Computing the maximum for a function with two maximums

The function we consider is x * sin(x) on the [-15, 15] interval. Below is the code, then the comments.

no_of_variables = 1
# attention also to the population size - 
# a population size too close to the nyquist rate may miss some possible maximums
pop_size = 100
lower_bound = np.array([-15])
upper_bound = np.array([15])          

solution    = np.empty(pop_size)

def evaluate_x_sin_x(solution):
   return solution[0] * np.sin(solution[0])

def plot(ret, population):
    x = np.linspace(-15, 15, 100)
    y = x * np.sin(x)

    plt.plot(x, y)
    plt.scatter(ret, evaluate_x_sin_x(ret))
    plt.scatter(population, evaluate_x_sin_x(population))

optim_evolve = create_optimization(pop_size, no_of_variables, lower_bound, upper_bound, evaluate_x_sin_x)
ret = []
for i in range(0, 100):
    (ret, population) = optim_evolve()
    plot(ret, population)

print(ret, evaluate_x_sin_x(ret))

Second iteration - we already see some signs of clustering towards higher values.

Second iteration

Several iterations later clustering towards higher values is more pronounced but we also notice the side effect of the left peak becoming an attractor.

Several iterations later

Several more iterations we still have values in the right peak, but the attraction of the left peak is already very strong.

Many iteratiosn later

A new snip towards the end of the evolution and one after the algorithm has dynamically increased the randomness added to the population to explore new possible solution spaces.
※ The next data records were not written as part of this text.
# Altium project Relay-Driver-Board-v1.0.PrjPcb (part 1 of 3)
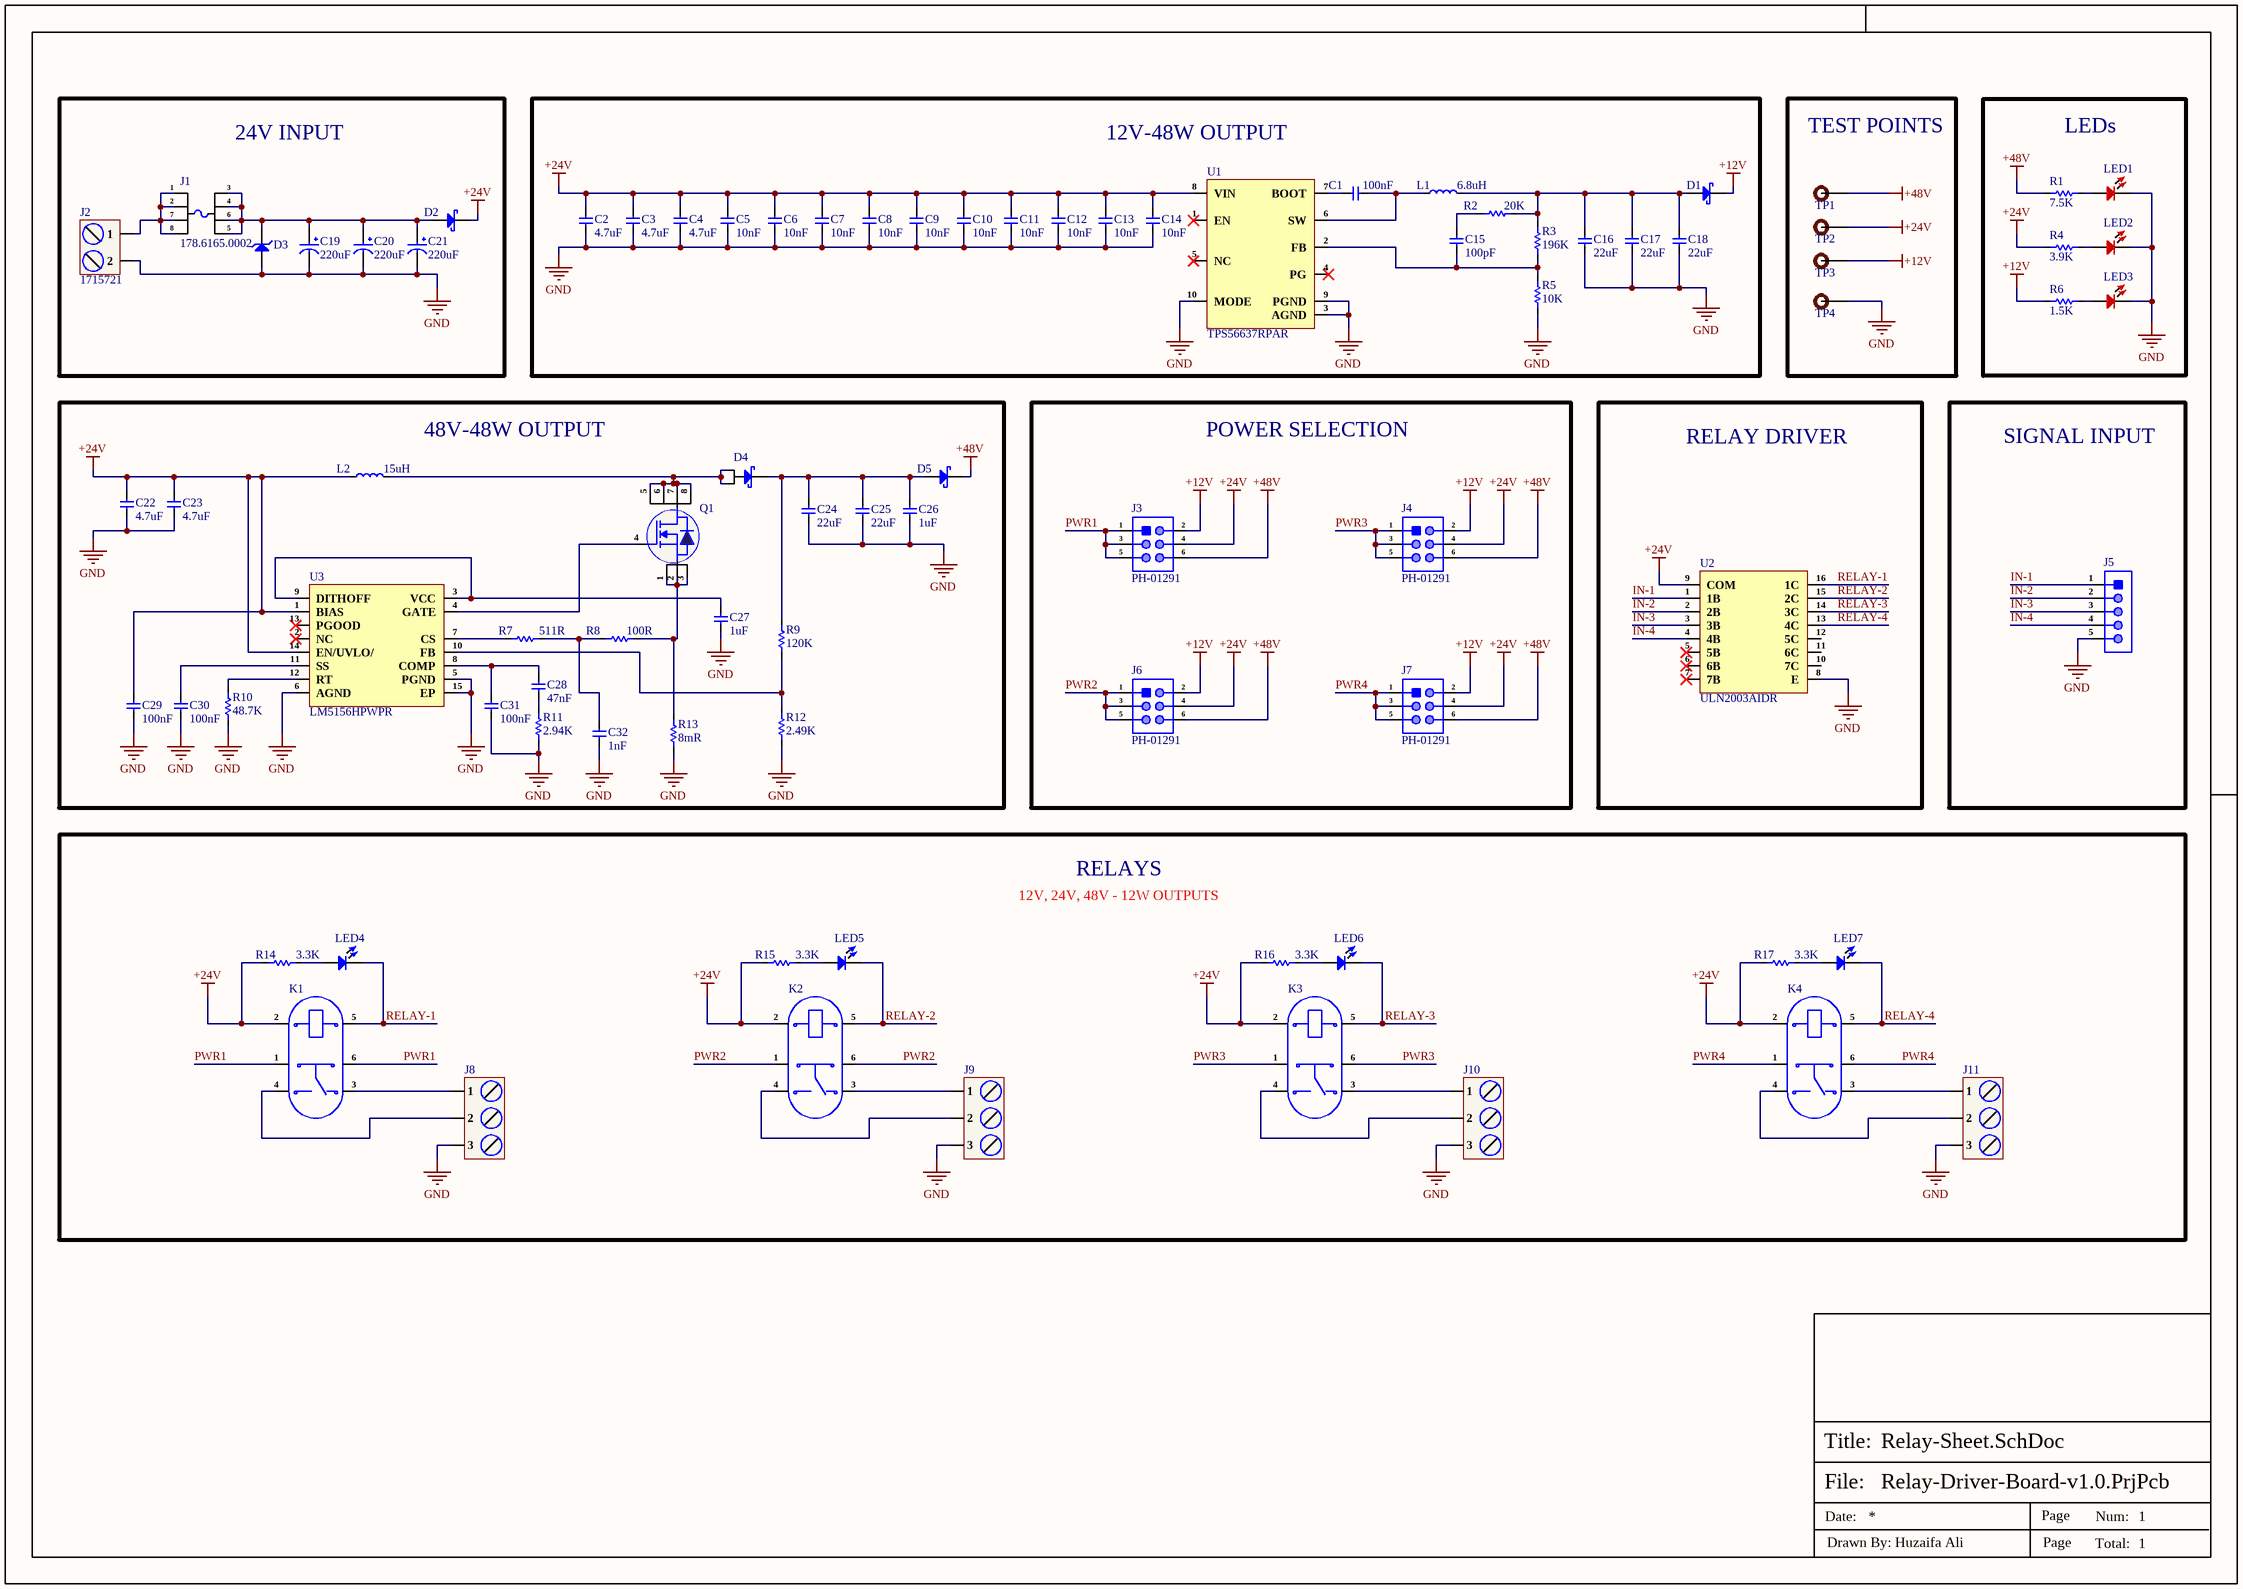
[diagram p0: Relay-Sheet.SchDoc]
1 sheet, 86 parts. Net scope: global (net labels, ports and power ports of the same name join across sheets).
Board file: Relay-Driver-Board-v1.0.PcbDoc

## Sheet Relay-Sheet.SchDoc
size 420 x 297 mm; SheetNumber: 1; SheetTotal: 1

### Parts
C1  100nF  [Cap-0603]
C2  4.7uF  [Cap-1206]
C3  4.7uF  [Cap-1206]
C4  4.7uF  [Cap-1206]
C5  10nF  [Cap-0402]
C6  10nF  [Cap-0402]
C7  10nF  [Cap-0402]
C8  10nF  [Cap-0402]
C9  10nF  [Cap-0402]
C10  10nF  [Cap-0402]
C11  10nF  [Cap-0402]
C12  10nF  [Cap-0402]
C13  10nF  [Cap-0402]
C14  10nF  [Cap-0402]
C15  100pF  [Cap-0402]
C16  22uF  [Cap-0805]
C17  22uF  [Cap-0805]
C18  22uF  [Cap-0805]
C19  220uF  [UCD-220uF-10mmDia]
C20  220uF  [UCD-220uF-10mmDia]
C21  220uF  [UCD-220uF-10mmDia]
C22  4.7uF  [Cap-1206]
C23  4.7uF  [Cap-1206]
C24  22uF  [Cap 2220]
C25  22uF  [Cap 2220]
C26  1uF  [Cap-1206]
C27  1uF  [Cap-0402]
C28  47nF  [Cap-0402]
C29  100nF  [Cap-0603]
C30  100nF  [Cap-0603]
C31  100nF  [Cap-0603]
C32  1nF  [Cap-0603]
D1  SS56  [SMA]  (value not drawn)
D2  SS56  [SMA]  (value not drawn)
D3  SMBJ28A-13-F  [SMB_]  (value not drawn)
D4  STPS20M100SG-TR  [D2Pak.]  (value not drawn)
D5  SS56  [SMA]  (value not drawn)
J1  178.6165.0002  [178.6165.0002]
J2  1715721  [1715721]
J3  PH-01291  [PH-01291]
J4  PH-01291  [PH-01291]
J5  B5B-XH-A(LF)(SN)  [B5B-XH-A(LF)(SN)_]  (value not drawn)
J6  PH-01291  [PH-01291]
J7  PH-01291  [PH-01291]
J8  DB128L-5.08-3P-BK-S  [DB128L-5.08-3P-BK-S]  (value not drawn)
J9  DB128L-5.08-3P-BK-S  [DB128L-5.08-3P-BK-S]  (value not drawn)
J10  DB128L-5.08-3P-BK-S  [DB128L-5.08-3P-BK-S]  (value not drawn)
J11  DB128L-5.08-3P-BK-S  [DB128L-5.08-3P-BK-S]  (value not drawn)
K1  HFD16/24-ZFH-3N  [HFD16/24-ZFH-3N]  (value not drawn)
K2  HFD16/24-ZFH-3N  [HFD16/24-ZFH-3N]  (value not drawn)
K3  HFD16/24-ZFH-3N  [HFD16/24-ZFH-3N]  (value not drawn)
K4  HFD16/24-ZFH-3N  [HFD16/24-ZFH-3N]  (value not drawn)
L1  6.8uH  [MWSA1206S-6R8MT]
L2  15uH  [FEXL1010A-150M]
LED1  RED  [LED-0603]  (value not drawn)
LED2  RED  [LED-0603]  (value not drawn)
LED3  RED  [LED-0603]  (value not drawn)
LED4  Blue  [LED-0603]  (value not drawn)
LED5  Blue  [LED-0603]  (value not drawn)
LED6  Blue  [LED-0603]  (value not drawn)
LED7  Blue  [LED-0603]  (value not drawn)
Q1  CSD19538Q3A  [VSONP-8(3.1x3.1)]  (value not drawn)
R1  7.5K  [Res-0402]
R2  20K  [Res-0402]
R3  196K  [Res-0603]
R4  3.9K  [Res-0402]
R5  10K  [Res-0402]
R6  1.5K  [Res-0402]
R7  511R  [Res-0402]
R8  100R  [Res-0402]
R9  120K  [Res-0402]
R10  48.7K  [Res-0603]
R11  2.94K  [Res-0402]
R12  2.49K  [Res-0402]
R13  8mR  [RES-2512]
R14  3.3K  [Res-0402]
R15  3.3K  [Res-0402]
R16  3.3K  [Res-0402]
R17  3.3K  [Res-0402]
TP1  TEST POINT  [Test-point]  (value not drawn)  (no BOM)
TP2  TEST POINT  [Test-point]  (value not drawn)  (no BOM)
TP3  TEST POINT  [Test-point]  (value not drawn)  (no BOM)
TP4  TEST POINT  [Test-point]  (value not drawn)  (no BOM)
U1  TPS56637RPAR  [10-VQFN-HR (3x3)]
U2  ULN2003AIDR  [16-SOIC (0.154", 3.90mm Width)]
U3  LM5156HPWPR  [HTSSOP-14-EP]

### Blocks framed on the sheet
24V INPUT: C19-C21 D2 D3 J1 J2
12V-48W OUTPUT: C1-C18 D1 L1 R2 R3 R5 U1
TEST POINTS: TP1-TP4
LEDs: LED1-LED3 R1 R4 R6
48V-48W OUTPUT: C22-C32 D4 D5 L2 Q1 R7-R13 U3
POWER SELECTION: J3 J4 J6 J7
RELAY DRIVER: U2
SIGNAL INPUT: J5
RELAYS: J8-J11 K1-K4 LED4-LED7 R14-R17

### Nets
+12V: D1.1(K) J3.2 J4.2 J6.2 J7.2 R6.1 TP3.1
+24V: C2.2 C3.2 C4.2 C5.2 C6.2 C7.2 C8.2 C9.2 C10.2 C11.2 C12.2 C13.2 C14.2 C22.2 C23.2 C29.1 D2.1(K) J3.4 J4.4 J6.4 J7.4 K1.2 K2.2 K3.2 K4.2 L2.1 R4.1 R14.1 R15.1 R16.1 R17.1 TP2.1 U1.8(VIN) U2.9(COM) U3.1(BIAS) U3.14(EN/UVLO/)
+48V: D5.1(K) J3.6 J4.6 J6.6 J7.6 R1.1 TP1.1
GND: C2.1 C3.1 C4.1 C5.1 C6.1 C7.1 C8.1 C9.1 C10.1 C11.1 C12.1 C13.1 C14.1 C16.1 C17.1 C18.1 C19.2 C20.2 C21.2 C22.1 C23.1 C24.1 C25.1 C26.1 C27.1 C29.2 C30.2 C31.2 C32.1 D3.1(A) J2.2 J5.5 J8.3 J9.3 J10.3 J11.3 LED1.2 LED2.2 LED3.2 R5.1 R10.1 R11.1 R12.1 R13.1 TP4.1 U1.3(AGND) U1.9(PGND) U1.10(MODE) U2.8(E) U3.5(PGND) U3.6(AGND) U3.15(EP)
IN-1: J5.1 U2.1(1B)
IN-2: J5.2 U2.2(2B)
IN-3: J5.3 U2.3(3B)
IN-4: J5.4 U2.4(4B)
PWR1: J3.1 J3.3 J3.5 K1.1 K1.6
PWR2: J6.1 J6.3 J6.5 K2.1 K2.6
PWR3: J4.1 J4.3 J4.5 K3.1 K3.6
PWR4: J7.1 J7.3 J7.5 K4.1 K4.6
RELAY-1: K1.5 LED4.2 U2.16(1C)
RELAY-2: K2.5 LED5.2 U2.15(2C)
RELAY-3: K3.5 LED6.2 U2.14(3C)
RELAY-4: K4.5 LED7.2 U2.13(4C)
NetC1_1: C1.1 L1.1 U1.6(SW)
NetC1_2: C1.2 U1.7(BOOT)
NetC15_1: C15.1 R3.1 R5.2 U1.2(FB)
NetC15_2: C15.2 R2.1
NetC16_2: C16.2 C17.2 C18.2 D1.2(A) L1.2 R2.2 R3.2
NetC19_1: C19.1 C20.1 C21.1 D2.2(A) D3.2(K) J1.3 J1.4 J1.5 J1.6
NetC24_2: C24.2 C25.2 C26.2 D4.3(K) D5.2(A) R9.2
NetC27_2: C27.2 U3.3(VCC) U3.9(DITHOFF)
NetC28_1: C28.1 R11.2
NetC28_2: C28.2 C31.1 U3.8(COMP)
NetC30_1: C30.1 U3.11(SS)
NetC32_2: C32.2 R7.2 R8.1
NetD4_1: D4.1(A) D4.2(A) L2.2 Q1.5(D) Q1.6(D) Q1.7(D) Q1.8(D)
NetJ1_1: J1.1 J1.2 J1.7 J1.8 J2.1
NetJ8_1: J8.1 K1.3
NetJ8_2: J8.2 K1.4
NetJ9_1: J9.1 K2.3
NetJ9_2: J9.2 K2.4
NetJ10_1: J10.1 K3.3
NetJ10_2: J10.2 K3.4
NetJ11_1: J11.1 K4.3
NetJ11_2: J11.2 K4.4
NetLED1_1: LED1.1 R1.2
NetLED2_1: LED2.1 R4.2
NetLED3_1: LED3.1 R6.2
NetLED4_1: LED4.1 R14.2
NetLED5_1: LED5.1 R15.2
NetLED6_1: LED6.1 R16.2
NetLED7_1: LED7.1 R17.2
NetQ1_1: Q1.1(S) Q1.2(S) Q1.3(S) R8.2 R13.2
NetQ1_4: Q1.4(G) U3.4(GATE)
NetR7_1: R7.1 U3.7(CS)
NetR9_1: R9.1 R12.2 U3.10(FB)
NetR10_2: R10.2 U3.12(RT)

Not connected (* = marked no-connect by the designer): U1 1(EN)* 4(PG)* 5(NC)*; U2 5(5B)* 6(6B)* 7(7B)* 10(7C) 11(6C) 12(5C); U3 2(NC)* 13(PGOOD)*

### Notes on the sheet
- 12V, 24V, 48V - 12W OUTPUTS
- File:
- Title:
- Date:
- Page
- Num:
- Total:
- Drawn By: Huzaifa Ali

Towards the end Increase in randomness in the population

Next Steps

Tweaking an optimization algorithm can take a lot of time. Some ideas on how to continue:

  • In the evolve population step, for multiple variable optimization problems, consider generating new solutions based on mixing two or more existing solutions (eventually taken from the best_so_far array). Eg. Take two solution vectors from the population [solution[i][0], solution[i][1], ... solution[i][n]] and [solution[j][0], solution[j][1], ... solution[j][n]] and, in the evolve step, instead of (or in addition to) adding random noise to these two solutions, consider other two combinations (children) for the next step. An example of a child could be: [solution[i][0], solution[j][1], solution[i][2], ...]. (this is a genetic algorithm inspired step).
  • Look deeper at the clustering. Think about evolving the step around clusters instead of the whole population vector (pop_evolved in def evolve(population)). This would give better precision in the final steps where the standard deviation of the random array should be very small (if we look at the sine example, the standard deviation is very high when the two extreme points are considered in the solution). Eventually consider dropping some points when they are too close to improve speed and have more iteration steps.
  • Consider gradient descent for the function in the later steps, when / if dicontinuities have been avoided and clusters have been formed. Gradient descent is evolves faster towards the solution but has problems escaping local maximums or discontinuities.